A Polícia Federal concluiu que o senador Flávio Bolsonaro (PL-RJ) cometeu crime de calúnia ao associar o presidente Luiz Inácio Lula da Silva (PT) a crimes como tráfico internacional de drogas, tráfico internacional de armas e lavagem de dinheiro.

O relatório final da investigação foi enviado ao Supremo Tribunal Federal, onde o caso tramita sob relatoria do ministro Alexandre de Moraes. Agora, caberá à Procuradoria-Geral da República decidir se apresenta denúncia contra o senador ou se pede o arquivamento do inquérito.

A apuração analisou uma publicação feita por Flávio Bolsonaro no X, em janeiro deste ano. Na postagem, o senador compartilhou uma montagem sobre o presidente da Venezuela, Nicolás Maduro, acompanhada de uma suposta manchete envolvendo o governo Lula.

Na legenda, Flávio escreveu que “Lula será delatado” e, em seguida, citou crimes como tráfico internacional de drogas e armas, lavagem de dinheiro, apoio a terroristas e ditaduras e eleições fraudadas.

Para a PF, a mensagem indicava que o senador atribuía ao presidente a prática dos crimes mencionados.
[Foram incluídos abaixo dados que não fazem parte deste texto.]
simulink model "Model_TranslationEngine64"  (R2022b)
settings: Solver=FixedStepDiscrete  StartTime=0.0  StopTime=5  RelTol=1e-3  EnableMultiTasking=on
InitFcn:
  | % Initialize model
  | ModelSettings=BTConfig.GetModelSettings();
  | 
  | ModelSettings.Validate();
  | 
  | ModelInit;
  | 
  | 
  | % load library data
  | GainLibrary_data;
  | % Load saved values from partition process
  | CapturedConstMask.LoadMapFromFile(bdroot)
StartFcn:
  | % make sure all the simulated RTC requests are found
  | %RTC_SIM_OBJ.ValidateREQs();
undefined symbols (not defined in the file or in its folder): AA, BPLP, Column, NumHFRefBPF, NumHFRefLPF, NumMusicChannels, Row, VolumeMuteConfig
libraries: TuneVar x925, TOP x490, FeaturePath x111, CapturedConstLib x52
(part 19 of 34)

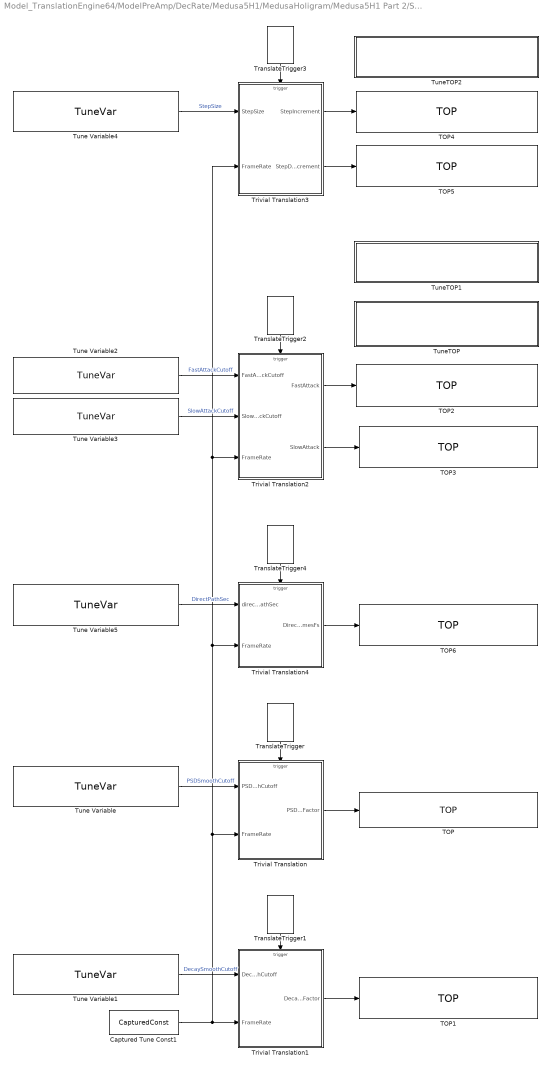
== system Model_TranslationEngine64/ModelPreAmp/DecRate/Medusa5H1/MedusaHoligram/Medusa5H1 Part 2/SPUM Decay Estimate/Decay Estimate ==
  Captured Tune Const1 : CapturedConstLib/CapturedConst  TriggerInit=[-265 -88 -165 -52]  Role=Automatic
      settings: SourceProductName=Bose Talaria
  TOP : TOP/TOP  TriggerInit=[100 -405 360 -355]  TopName=PSDSmoothFactor  DataTypeOut=single  BankNumber=0  PreOverlay=false  PostOverlay=false  Role=Automatic
      settings: SourceProductName=Bose Talaria
  TOP1 : TOP/TOP  TriggerInit=[100 -135 360 -75]  TopName=DecaySmoothFactor  DataTypeOut=single  BankNumber=0  PreOverlay=false  PostOverlay=false  Role=Automatic
      settings: SourceProductName=Bose Talaria
  TOP2 : TOP/TOP  TriggerInit=[95 -1030 360 -970]  TopName=FastAttack  DataTypeOut=single  BankNumber=0  PreOverlay=false  PostOverlay=false  Role=Automatic
      settings: SourceProductName=Bose Talaria
  TOP3 : TOP/TOP  TriggerInit=[100 -940 360 -880]  TopName=SlowAttack  DataTypeOut=single  BankNumber=0  PreOverlay=false  PostOverlay=false  Role=Automatic
      settings: SourceProductName=Bose Talaria
  TOP4 : TOP/TOP  TriggerInit=[95 -1430 360 -1370]  TopName=StepIncrement  DataTypeOut=single  BankNumber=0  PreOverlay=false  PostOverlay=false  Role=Automatic
      settings: SourceProductName=Bose Talaria
  TOP5 : TOP/TOP  TriggerInit=[95 -1350 360 -1290]  TopName=StepDecrement  DataTypeOut=single  BankNumber=0  PreOverlay=false  PostOverlay=false  Role=Automatic
      settings: SourceProductName=Bose Talaria
  TOP6 : TOP/TOP  TriggerInit=[100 -680 360 -620]  TopName=DirectPathFramesFs  DataTypeOut=single  BankNumber=0  PreOverlay=false  PostOverlay=false  Role=Automatic
      settings: SourceProductName=Bose Talaria
  TranslateTrigger : TuneVar/TranslateTrigger  TriggerInit=[-34 -535 4 -480]
      settings: SourceProductName=Bose Talaria
  TranslateTrigger1 : TuneVar/TranslateTrigger  TriggerInit=[-34 -255 4 -200]
      settings: SourceProductName=Bose Talaria
  TranslateTrigger2 : TuneVar/TranslateTrigger  TriggerInit=[-34 -1130 4 -1075]
      settings: SourceProductName=Bose Talaria
  TranslateTrigger3 : TuneVar/TranslateTrigger  TriggerInit=[-34 -1525 4 -1470]
      settings: SourceProductName=Bose Talaria
  TranslateTrigger4 : TuneVar/TranslateTrigger  TriggerInit=[-34 -795 4 -740]
      settings: SourceProductName=Bose Talaria
  Trivial Translation : MATLAB Function  TreatAsAtomicUnit=on
  Trivial Translation1 : MATLAB Function  TreatAsAtomicUnit=on
  Trivial Translation2 : MATLAB Function  TreatAsAtomicUnit=on
  Trivial Translation3 : MATLAB Function  TreatAsAtomicUnit=on
  Trivial Translation4 : MATLAB Function  TreatAsAtomicUnit=on
  Tune Variable : TuneVar/TuneVar  Description=Cutoff frequency for single pole averager that smooths energy sequence for decay estimation.  TuneName=PSDSmoothCutoff  SpecifyMaxSize=off  VariableDim=1 (Row)  MaxSize=[1 1]  TunabilityNumber=2  MinValue=[]  MaxValue=[]  TriggerInit=[-405 -444 -165 -386]  MaskValue=3.890381009312922
      settings: SourceProductName=Bose Talaria
  Tune Variable1 : TuneVar/TuneVar  Description=Cutoff frequency for single pole averager that further smooths decay.  TuneName=DecaySmoothCutoff  SpecifyMaxSize=off  VariableDim=1 (Row)  MaxSize=[1 1]  TunabilityNumber=2  MinValue=[]  MaxValue=[]  TriggerInit=[-405 -169 -165 -111]  MaskValue=0.13777233653605728
      settings: SourceProductName=Bose Talaria
  Tune Variable2 : TuneVar/TuneVar  Description=Cutoff frequency for single pole averager when decay parameter is increasing.  TuneName=FastAttackCutoff  SpecifyMaxSize=off  VariableDim=1 (Row)  MaxSize=[1 1]  TunabilityNumber=2  MinValue=[]  MaxValue=[]  TriggerInit=[-405 -1041 -165 -989]  MaskValue=8.8214110578435392
      settings: SourceProductName=Bose Talaria
  Tune Variable3 : TuneVar/TuneVar  Description=Cutoff frequency for single pole averager when decay parameter is decreasing (slow decay).  TuneName=SlowAttackCutoff  SpecifyMaxSize=off  VariableDim=1 (Row)  MaxSize=[1 1]  TunabilityNumber=2  MinValue=[]  MaxValue=[]  TriggerInit=[-405 -981 -165 -929]  MaskValue=0.27692922573026191
      settings: SourceProductName=Bose Talaria
  Tune Variable4 : TuneVar/TuneVar  Description=Step size for decay slewing.  TuneName=StepSize  SpecifyMaxSize=off  VariableDim=1 (Row)  MaxSize=[1 1]  TunabilityNumber=1  MinValue=[]  MaxValue=[]  TriggerInit=[-405 -1429 -165 -1371]  MaskValue=2
      settings: SourceProductName=Bose Talaria
  Tune Variable5 : TuneVar/TuneVar  Description=This is the time in seconds that separates dry (or direct) and reverb parts. The larger directPathSec becomes, the more energy goes into the “impulse” because a longer period of time past “onset” is considered direct energy. Ideally this value is equivalent to an integer multiple of a frame period.  TuneName=DirectPathSec  SpecifyMaxSize=off  VariableDim=1 (Row)  MaxSize=[1 1]  TunabilityNumber=2  MinValue=[]  MaxValue=[]  TriggerInit=[-405 -710 -165 -650]  MaskValue=0.023219954648526078
      settings: SourceProductName=Bose Talaria
  TuneTOP : Subsystem  Description=Prevent spurious change in slope estimation. Signal energy must overcome the noise floor before we accept current derivative as slope of the decay.  mask(Talaria Trivial Tune TOP){TriggerInit=[95 -1121 360 -1059], TopName=NoiseFloor, TuneName=NoiseFloor, DataTypeOut=single, MaskValue=3, TunabilityNumber=2, MinValue=[], MaxValue=[], BankNumber=0, PreOverlay=false, PostOverlay=false, UseSameName=on}
      mask prompts: TriggerInit "Hidden: MoveFcn redraw"; TopName "Name:"; TuneName "Name of TuneVar:"; DataTypeOut "Data type:"; MaskValue "Default Value:"; TunabilityNumber "Tunability:"; MinValue "Min Value:"; MaxValue "Max Value:"; BankNumber "Target memory bank number:"; PreOverlay "Requires pre-overlay action:"; PostOverlay "Requires post-overlay action:"; UseSameName "Use same name for tune variable and TOP"
      mask help: The TuneTOP block encapsultes a Target Overlay Parameter, a Tune Variable, and a Trivial Translation between them.
      mask init:
      | [ok,activeTopPath,activeTunePath] = TuneTOP_Mask.Init(gcbh);
      settings: MoveFcn=TuneTOP_Mask.CB_TriggerInit(gcbh);
      mask Callback TriggerInit: TuneTOP_Mask.CB_TriggerInit(gcbh);
      mask TypeOptions TopName: TOP/TopName
      mask TypeOptions TuneName: Tune Variable/TuneName
      mask TypeOptions DataTypeOut: TOP/DataTypeOut
      mask TypeOptions MaskValue: Tune Variable/MaskValue
      mask TypeOptions TunabilityNumber: Tune Variable/TunabilityNumber
      mask Callback TunabilityNumber: TuneVarMask.CB_TunabilityNumber(gcbh);
      mask TypeOptions MinValue: Tune Variable/MinValue
      mask TypeOptions MaxValue: Tune Variable/MaxValue
      mask TypeOptions BankNumber: TOP/BankNumber
      mask TypeOptions PreOverlay: TOP/PreOverlay
      mask TypeOptions PostOverlay: TOP/PostOverlay
      mask Callback UseSameName: TuneTOP_Mask.CB_UseSameName(gcbh);
      mask DialogControl toolPanel Prompt: Tuning Tool Hints
      mask DialogControl DescriptionGroup Prompt: Description
      mask DialogControl EditDescription Prompt: Edit Description
      mask DialogControl EditDescription Callback: TuneTOP_Mask.CB_EditDescription(gcbh);
      mask DialogControl TunabilityText Prompt: Easy: Changes nearly every tuning.
      mask DialogControl AdvancedPanel Prompt: Advanced
      mask DialogControl ConvertToFullTranslation Prompt: Irreversible conversion to full translation
      mask DialogControl ConvertToFullTranslation Callback: TuneTOP_Mask.CB_ConvertToFullTranslation(gcbh);
      mask DialogControl ErrorContainer Prompt: Error Messages
      mask Display:
      | % retrieve icon definition
      | [path,w,h] = TuneTOP_Mask.Icon();
      | 
      | % retrieve the block's pixel size
      | pos = get(gcbh,'position');
      | bw = pos(3) - pos(1);
      | bh = pos(4) - pos(2);
      | 
      | % draw centered icon
      | xAdj = bw/2 - w/2 + 5;
      | yAdj = bh/2 - h/2 + 4;
      | for i=1:length(path)
      | 	patch(path(i).x+xAdj, path(i).y+yAdj, path(i).rgb);
      | end
      | 
      | % show the top name or an X
      | if (exist('ok','var') && ok)
      | 	text(bw*0.5, bh*0.2, activeTopPath, 'horizontalAlignment', 'center');
      | 	patch(0,0,[1 1 1]);
      | 	patch(bw,bh,[1 1 1]);
      | else
      | 	tx=bw*0.03;
      | 	ty=bh*0.03;
      | 	patch([0 tx bw bw-tx], [ty 0 bh-ty bh], [1 0 0]);
      | 	patch([0 bw-tx bw tx], [bh-ty 0 ty bh], [1 0 0]);
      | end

Os investigadores afirmaram que a publicação ultrapassou o campo da crítica política e passou a imputar falsamente condutas criminosas a Lula.

O relatório também sustenta que a autoria da postagem não está em discussão. Segundo a Polícia Federal, a responsabilidade de Flávio Bolsonaro foi confirmada tanto por manifestações públicas do senador quanto pelos argumentos apresentados por sua defesa.

Na conclusão, a PF afirma que o caso se enquadra no artigo 138 do Código Penal, que trata de calúnia. O relatório também aponta causa de aumento de pena por a ofensa ter sido dirigida ao presidente da República e divulgada por meio que ampliou seu alcance.

O inquérito foi aberto em abril, por determinação de Alexandre de Moraes, após pedido da própria Polícia Federal e parecer favorável da PGR. Na ocasião, o ministro deu prazo de 60 dias para a realização das diligências.

Com o encerramento da investigação, o caso volta agora para análise do Ministério Público Federal. A PGR poderá denunciar Flávio Bolsonaro ao STF ou concluir que não há elementos suficientes para levar o caso adiante.